Recorded data
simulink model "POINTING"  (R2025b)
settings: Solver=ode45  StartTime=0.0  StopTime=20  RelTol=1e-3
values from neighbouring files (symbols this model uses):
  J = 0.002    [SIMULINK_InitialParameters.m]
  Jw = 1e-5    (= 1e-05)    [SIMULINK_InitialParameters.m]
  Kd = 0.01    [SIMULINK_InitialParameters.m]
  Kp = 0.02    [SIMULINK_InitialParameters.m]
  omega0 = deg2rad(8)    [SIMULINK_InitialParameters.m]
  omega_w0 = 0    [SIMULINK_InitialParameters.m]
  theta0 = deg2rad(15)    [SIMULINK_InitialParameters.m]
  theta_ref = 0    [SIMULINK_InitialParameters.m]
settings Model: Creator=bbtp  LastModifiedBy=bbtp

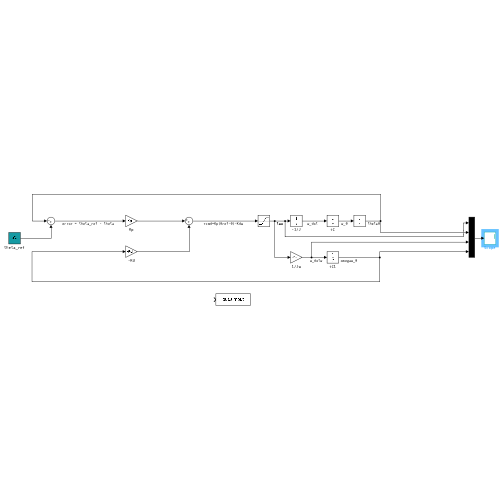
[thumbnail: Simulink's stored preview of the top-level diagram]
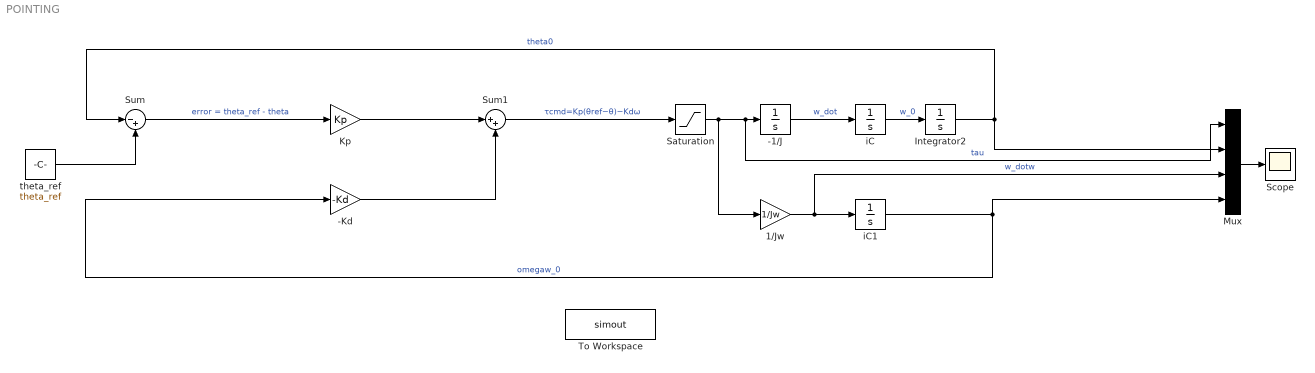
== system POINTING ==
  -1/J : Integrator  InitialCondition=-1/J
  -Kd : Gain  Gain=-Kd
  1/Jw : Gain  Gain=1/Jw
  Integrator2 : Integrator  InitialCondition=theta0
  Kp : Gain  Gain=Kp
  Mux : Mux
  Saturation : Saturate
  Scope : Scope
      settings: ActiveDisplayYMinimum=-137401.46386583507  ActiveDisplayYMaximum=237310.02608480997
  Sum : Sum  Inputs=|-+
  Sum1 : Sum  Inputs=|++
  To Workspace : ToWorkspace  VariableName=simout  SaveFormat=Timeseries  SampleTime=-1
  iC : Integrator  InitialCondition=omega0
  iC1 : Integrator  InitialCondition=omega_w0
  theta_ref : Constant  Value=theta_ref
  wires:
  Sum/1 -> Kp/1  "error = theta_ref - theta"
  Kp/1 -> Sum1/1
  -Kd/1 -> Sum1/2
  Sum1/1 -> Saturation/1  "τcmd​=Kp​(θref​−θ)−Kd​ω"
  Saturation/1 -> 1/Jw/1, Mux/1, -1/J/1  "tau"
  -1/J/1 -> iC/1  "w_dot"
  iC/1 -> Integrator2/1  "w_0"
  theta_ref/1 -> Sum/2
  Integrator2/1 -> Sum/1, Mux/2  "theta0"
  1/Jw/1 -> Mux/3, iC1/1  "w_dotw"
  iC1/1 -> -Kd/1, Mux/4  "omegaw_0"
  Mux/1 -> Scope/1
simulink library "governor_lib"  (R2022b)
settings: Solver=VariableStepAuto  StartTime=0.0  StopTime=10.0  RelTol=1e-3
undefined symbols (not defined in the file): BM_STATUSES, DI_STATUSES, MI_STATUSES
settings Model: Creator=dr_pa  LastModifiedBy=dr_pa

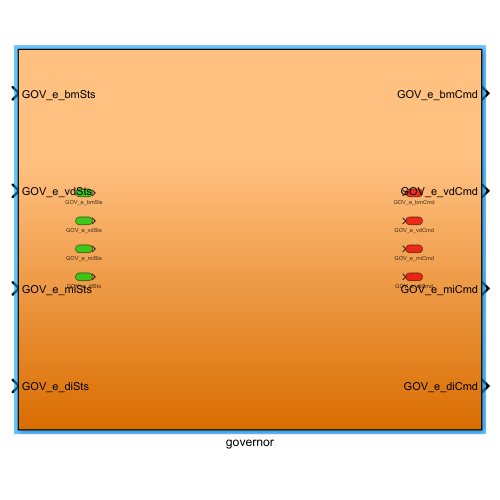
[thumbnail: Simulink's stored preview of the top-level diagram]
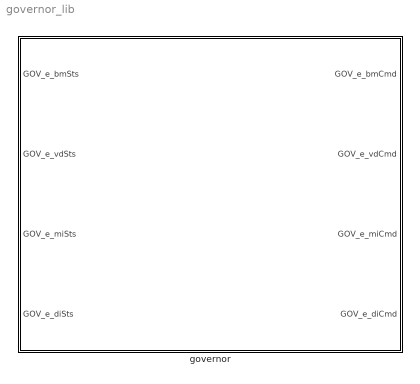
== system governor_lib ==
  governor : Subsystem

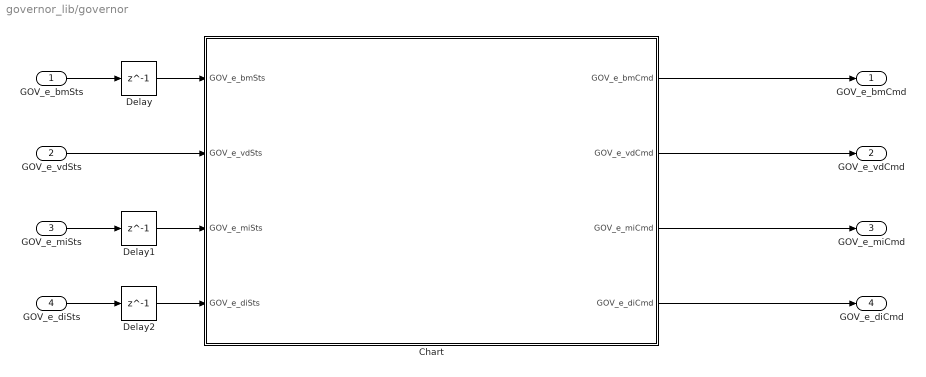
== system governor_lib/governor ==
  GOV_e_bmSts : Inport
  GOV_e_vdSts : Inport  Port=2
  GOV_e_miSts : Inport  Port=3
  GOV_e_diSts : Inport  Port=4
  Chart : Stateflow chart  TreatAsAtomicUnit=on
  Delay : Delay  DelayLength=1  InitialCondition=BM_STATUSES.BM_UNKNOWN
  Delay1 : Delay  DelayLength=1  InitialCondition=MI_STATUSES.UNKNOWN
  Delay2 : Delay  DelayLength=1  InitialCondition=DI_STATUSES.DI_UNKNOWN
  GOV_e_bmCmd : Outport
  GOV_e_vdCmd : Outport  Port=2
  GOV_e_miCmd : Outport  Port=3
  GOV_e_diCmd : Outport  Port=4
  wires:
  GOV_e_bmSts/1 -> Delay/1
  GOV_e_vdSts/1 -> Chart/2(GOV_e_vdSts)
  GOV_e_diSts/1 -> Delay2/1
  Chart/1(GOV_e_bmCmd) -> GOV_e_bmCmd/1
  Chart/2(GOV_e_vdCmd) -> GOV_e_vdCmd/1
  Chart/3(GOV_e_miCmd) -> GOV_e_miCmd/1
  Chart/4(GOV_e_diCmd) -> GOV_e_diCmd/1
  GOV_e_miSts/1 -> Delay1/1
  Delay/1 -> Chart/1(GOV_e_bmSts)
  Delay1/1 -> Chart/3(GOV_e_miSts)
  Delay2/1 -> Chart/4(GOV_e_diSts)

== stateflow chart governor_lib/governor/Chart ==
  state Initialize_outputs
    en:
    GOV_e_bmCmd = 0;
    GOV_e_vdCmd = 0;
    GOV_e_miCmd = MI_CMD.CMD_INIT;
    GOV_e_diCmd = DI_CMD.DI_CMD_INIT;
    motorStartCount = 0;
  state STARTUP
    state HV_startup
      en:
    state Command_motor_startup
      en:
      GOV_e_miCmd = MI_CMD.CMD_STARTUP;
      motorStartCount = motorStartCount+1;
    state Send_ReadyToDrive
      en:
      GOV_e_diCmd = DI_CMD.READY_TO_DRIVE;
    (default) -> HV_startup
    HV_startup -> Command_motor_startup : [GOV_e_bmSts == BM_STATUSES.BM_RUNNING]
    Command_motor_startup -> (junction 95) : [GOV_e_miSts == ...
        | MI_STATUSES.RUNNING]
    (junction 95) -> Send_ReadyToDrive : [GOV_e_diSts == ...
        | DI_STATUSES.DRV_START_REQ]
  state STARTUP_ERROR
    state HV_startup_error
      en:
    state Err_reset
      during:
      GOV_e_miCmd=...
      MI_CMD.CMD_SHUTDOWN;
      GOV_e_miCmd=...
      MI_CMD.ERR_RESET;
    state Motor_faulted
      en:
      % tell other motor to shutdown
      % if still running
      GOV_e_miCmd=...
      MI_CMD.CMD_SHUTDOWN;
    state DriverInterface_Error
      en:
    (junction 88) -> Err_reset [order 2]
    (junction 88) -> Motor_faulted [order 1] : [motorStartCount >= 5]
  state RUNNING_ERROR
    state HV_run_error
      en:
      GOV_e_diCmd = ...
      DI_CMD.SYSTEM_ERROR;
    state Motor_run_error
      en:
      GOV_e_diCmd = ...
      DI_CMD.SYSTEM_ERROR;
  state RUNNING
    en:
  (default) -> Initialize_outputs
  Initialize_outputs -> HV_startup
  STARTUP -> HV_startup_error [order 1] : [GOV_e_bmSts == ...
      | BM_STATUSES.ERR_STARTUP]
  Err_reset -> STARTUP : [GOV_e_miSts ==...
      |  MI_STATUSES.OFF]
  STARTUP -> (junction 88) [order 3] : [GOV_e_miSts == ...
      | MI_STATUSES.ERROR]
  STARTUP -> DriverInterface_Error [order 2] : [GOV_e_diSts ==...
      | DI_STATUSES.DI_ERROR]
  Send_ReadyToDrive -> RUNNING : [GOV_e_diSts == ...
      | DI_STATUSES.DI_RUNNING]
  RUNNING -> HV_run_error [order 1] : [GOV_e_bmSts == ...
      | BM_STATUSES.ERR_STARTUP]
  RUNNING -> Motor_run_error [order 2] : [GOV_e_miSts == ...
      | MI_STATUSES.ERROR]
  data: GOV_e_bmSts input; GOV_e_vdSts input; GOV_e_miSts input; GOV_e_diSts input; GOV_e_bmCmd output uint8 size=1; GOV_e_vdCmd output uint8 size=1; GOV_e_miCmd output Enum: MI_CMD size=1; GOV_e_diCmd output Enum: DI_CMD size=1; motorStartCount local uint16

» Task requirements
Repeat all the records above exactly, leaving out any pictures.

» Reply
simulink model "POINTING"  (R2025b)
settings: Solver=ode45  StartTime=0.0  StopTime=20  RelTol=1e-3
values from neighbouring files (symbols this model uses):
  J = 0.002    [SIMULINK_InitialParameters.m]
  Jw = 1e-5    (= 1e-05)    [SIMULINK_InitialParameters.m]
  Kd = 0.01    [SIMULINK_InitialParameters.m]
  Kp = 0.02    [SIMULINK_InitialParameters.m]
  omega0 = deg2rad(8)    [SIMULINK_InitialParameters.m]
  omega_w0 = 0    [SIMULINK_InitialParameters.m]
  theta0 = deg2rad(15)    [SIMULINK_InitialParameters.m]
  theta_ref = 0    [SIMULINK_InitialParameters.m]
settings Model: Creator=bbtp  LastModifiedBy=bbtp

[thumbnail: Simulink's stored preview of the top-level diagram]
== system POINTING ==
  -1/J : Integrator  InitialCondition=-1/J
  -Kd : Gain  Gain=-Kd
  1/Jw : Gain  Gain=1/Jw
  Integrator2 : Integrator  InitialCondition=theta0
  Kp : Gain  Gain=Kp
  Mux : Mux
  Saturation : Saturate
  Scope : Scope
      settings: ActiveDisplayYMinimum=-137401.46386583507  ActiveDisplayYMaximum=237310.02608480997
  Sum : Sum  Inputs=|-+
  Sum1 : Sum  Inputs=|++
  To Workspace : ToWorkspace  VariableName=simout  SaveFormat=Timeseries  SampleTime=-1
  iC : Integrator  InitialCondition=omega0
  iC1 : Integrator  InitialCondition=omega_w0
  theta_ref : Constant  Value=theta_ref
  wires:
  Sum/1 -> Kp/1  "error = theta_ref - theta"
  Kp/1 -> Sum1/1
  -Kd/1 -> Sum1/2
  Sum1/1 -> Saturation/1  "τcmd​=Kp​(θref​−θ)−Kd​ω"
  Saturation/1 -> 1/Jw/1, Mux/1, -1/J/1  "tau"
  -1/J/1 -> iC/1  "w_dot"
  iC/1 -> Integrator2/1  "w_0"
  theta_ref/1 -> Sum/2
  Integrator2/1 -> Sum/1, Mux/2  "theta0"
  1/Jw/1 -> Mux/3, iC1/1  "w_dotw"
  iC1/1 -> -Kd/1, Mux/4  "omegaw_0"
  Mux/1 -> Scope/1
simulink library "governor_lib"  (R2022b)
settings: Solver=VariableStepAuto  StartTime=0.0  StopTime=10.0  RelTol=1e-3
undefined symbols (not defined in the file): BM_STATUSES, DI_STATUSES, MI_STATUSES
settings Model: Creator=dr_pa  LastModifiedBy=dr_pa

[thumbnail: Simulink's stored preview of the top-level diagram]
== system governor_lib ==
  governor : Subsystem

== system governor_lib/governor ==
  GOV_e_bmSts : Inport
  GOV_e_vdSts : Inport  Port=2
  GOV_e_miSts : Inport  Port=3
  GOV_e_diSts : Inport  Port=4
  Chart : Stateflow chart  TreatAsAtomicUnit=on
  Delay : Delay  DelayLength=1  InitialCondition=BM_STATUSES.BM_UNKNOWN
  Delay1 : Delay  DelayLength=1  InitialCondition=MI_STATUSES.UNKNOWN
  Delay2 : Delay  DelayLength=1  InitialCondition=DI_STATUSES.DI_UNKNOWN
  GOV_e_bmCmd : Outport
  GOV_e_vdCmd : Outport  Port=2
  GOV_e_miCmd : Outport  Port=3
  GOV_e_diCmd : Outport  Port=4
  wires:
  GOV_e_bmSts/1 -> Delay/1
  GOV_e_vdSts/1 -> Chart/2(GOV_e_vdSts)
  GOV_e_diSts/1 -> Delay2/1
  Chart/1(GOV_e_bmCmd) -> GOV_e_bmCmd/1
  Chart/2(GOV_e_vdCmd) -> GOV_e_vdCmd/1
  Chart/3(GOV_e_miCmd) -> GOV_e_miCmd/1
  Chart/4(GOV_e_diCmd) -> GOV_e_diCmd/1
  GOV_e_miSts/1 -> Delay1/1
  Delay/1 -> Chart/1(GOV_e_bmSts)
  Delay1/1 -> Chart/3(GOV_e_miSts)
  Delay2/1 -> Chart/4(GOV_e_diSts)

== stateflow chart governor_lib/governor/Chart ==
  state Initialize_outputs
    en:
    GOV_e_bmCmd = 0;
    GOV_e_vdCmd = 0;
    GOV_e_miCmd = MI_CMD.CMD_INIT;
    GOV_e_diCmd = DI_CMD.DI_CMD_INIT;
    motorStartCount = 0;
  state STARTUP
    state HV_startup
      en:
    state Command_motor_startup
      en:
      GOV_e_miCmd = MI_CMD.CMD_STARTUP;
      motorStartCount = motorStartCount+1;
    state Send_ReadyToDrive
      en:
      GOV_e_diCmd = DI_CMD.READY_TO_DRIVE;
    (default) -> HV_startup
    HV_startup -> Command_motor_startup : [GOV_e_bmSts == BM_STATUSES.BM_RUNNING]
    Command_motor_startup -> (junction 95) : [GOV_e_miSts == ...
        | MI_STATUSES.RUNNING]
    (junction 95) -> Send_ReadyToDrive : [GOV_e_diSts == ...
        | DI_STATUSES.DRV_START_REQ]
  state STARTUP_ERROR
    state HV_startup_error
      en:
    state Err_reset
      during:
      GOV_e_miCmd=...
      MI_CMD.CMD_SHUTDOWN;
      GOV_e_miCmd=...
      MI_CMD.ERR_RESET;
    state Motor_faulted
      en:
      % tell other motor to shutdown
      % if still running
      GOV_e_miCmd=...
      MI_CMD.CMD_SHUTDOWN;
    state DriverInterface_Error
      en:
    (junction 88) -> Err_reset [order 2]
    (junction 88) -> Motor_faulted [order 1] : [motorStartCount >= 5]
  state RUNNING_ERROR
    state HV_run_error
      en:
      GOV_e_diCmd = ...
      DI_CMD.SYSTEM_ERROR;
    state Motor_run_error
      en:
      GOV_e_diCmd = ...
      DI_CMD.SYSTEM_ERROR;
  state RUNNING
    en:
  (default) -> Initialize_outputs
  Initialize_outputs -> HV_startup
  STARTUP -> HV_startup_error [order 1] : [GOV_e_bmSts == ...
      | BM_STATUSES.ERR_STARTUP]
  Err_reset -> STARTUP : [GOV_e_miSts ==...
      |  MI_STATUSES.OFF]
  STARTUP -> (junction 88) [order 3] : [GOV_e_miSts == ...
      | MI_STATUSES.ERROR]
  STARTUP -> DriverInterface_Error [order 2] : [GOV_e_diSts ==...
      | DI_STATUSES.DI_ERROR]
  Send_ReadyToDrive -> RUNNING : [GOV_e_diSts == ...
      | DI_STATUSES.DI_RUNNING]
  RUNNING -> HV_run_error [order 1] : [GOV_e_bmSts == ...
      | BM_STATUSES.ERR_STARTUP]
  RUNNING -> Motor_run_error [order 2] : [GOV_e_miSts == ...
      | MI_STATUSES.ERROR]
  data: GOV_e_bmSts input; GOV_e_vdSts input; GOV_e_miSts input; GOV_e_diSts input; GOV_e_bmCmd output uint8 size=1; GOV_e_vdCmd output uint8 size=1; GOV_e_miCmd output Enum: MI_CMD size=1; GOV_e_diCmd output Enum: DI_CMD size=1; motorStartCount local uint16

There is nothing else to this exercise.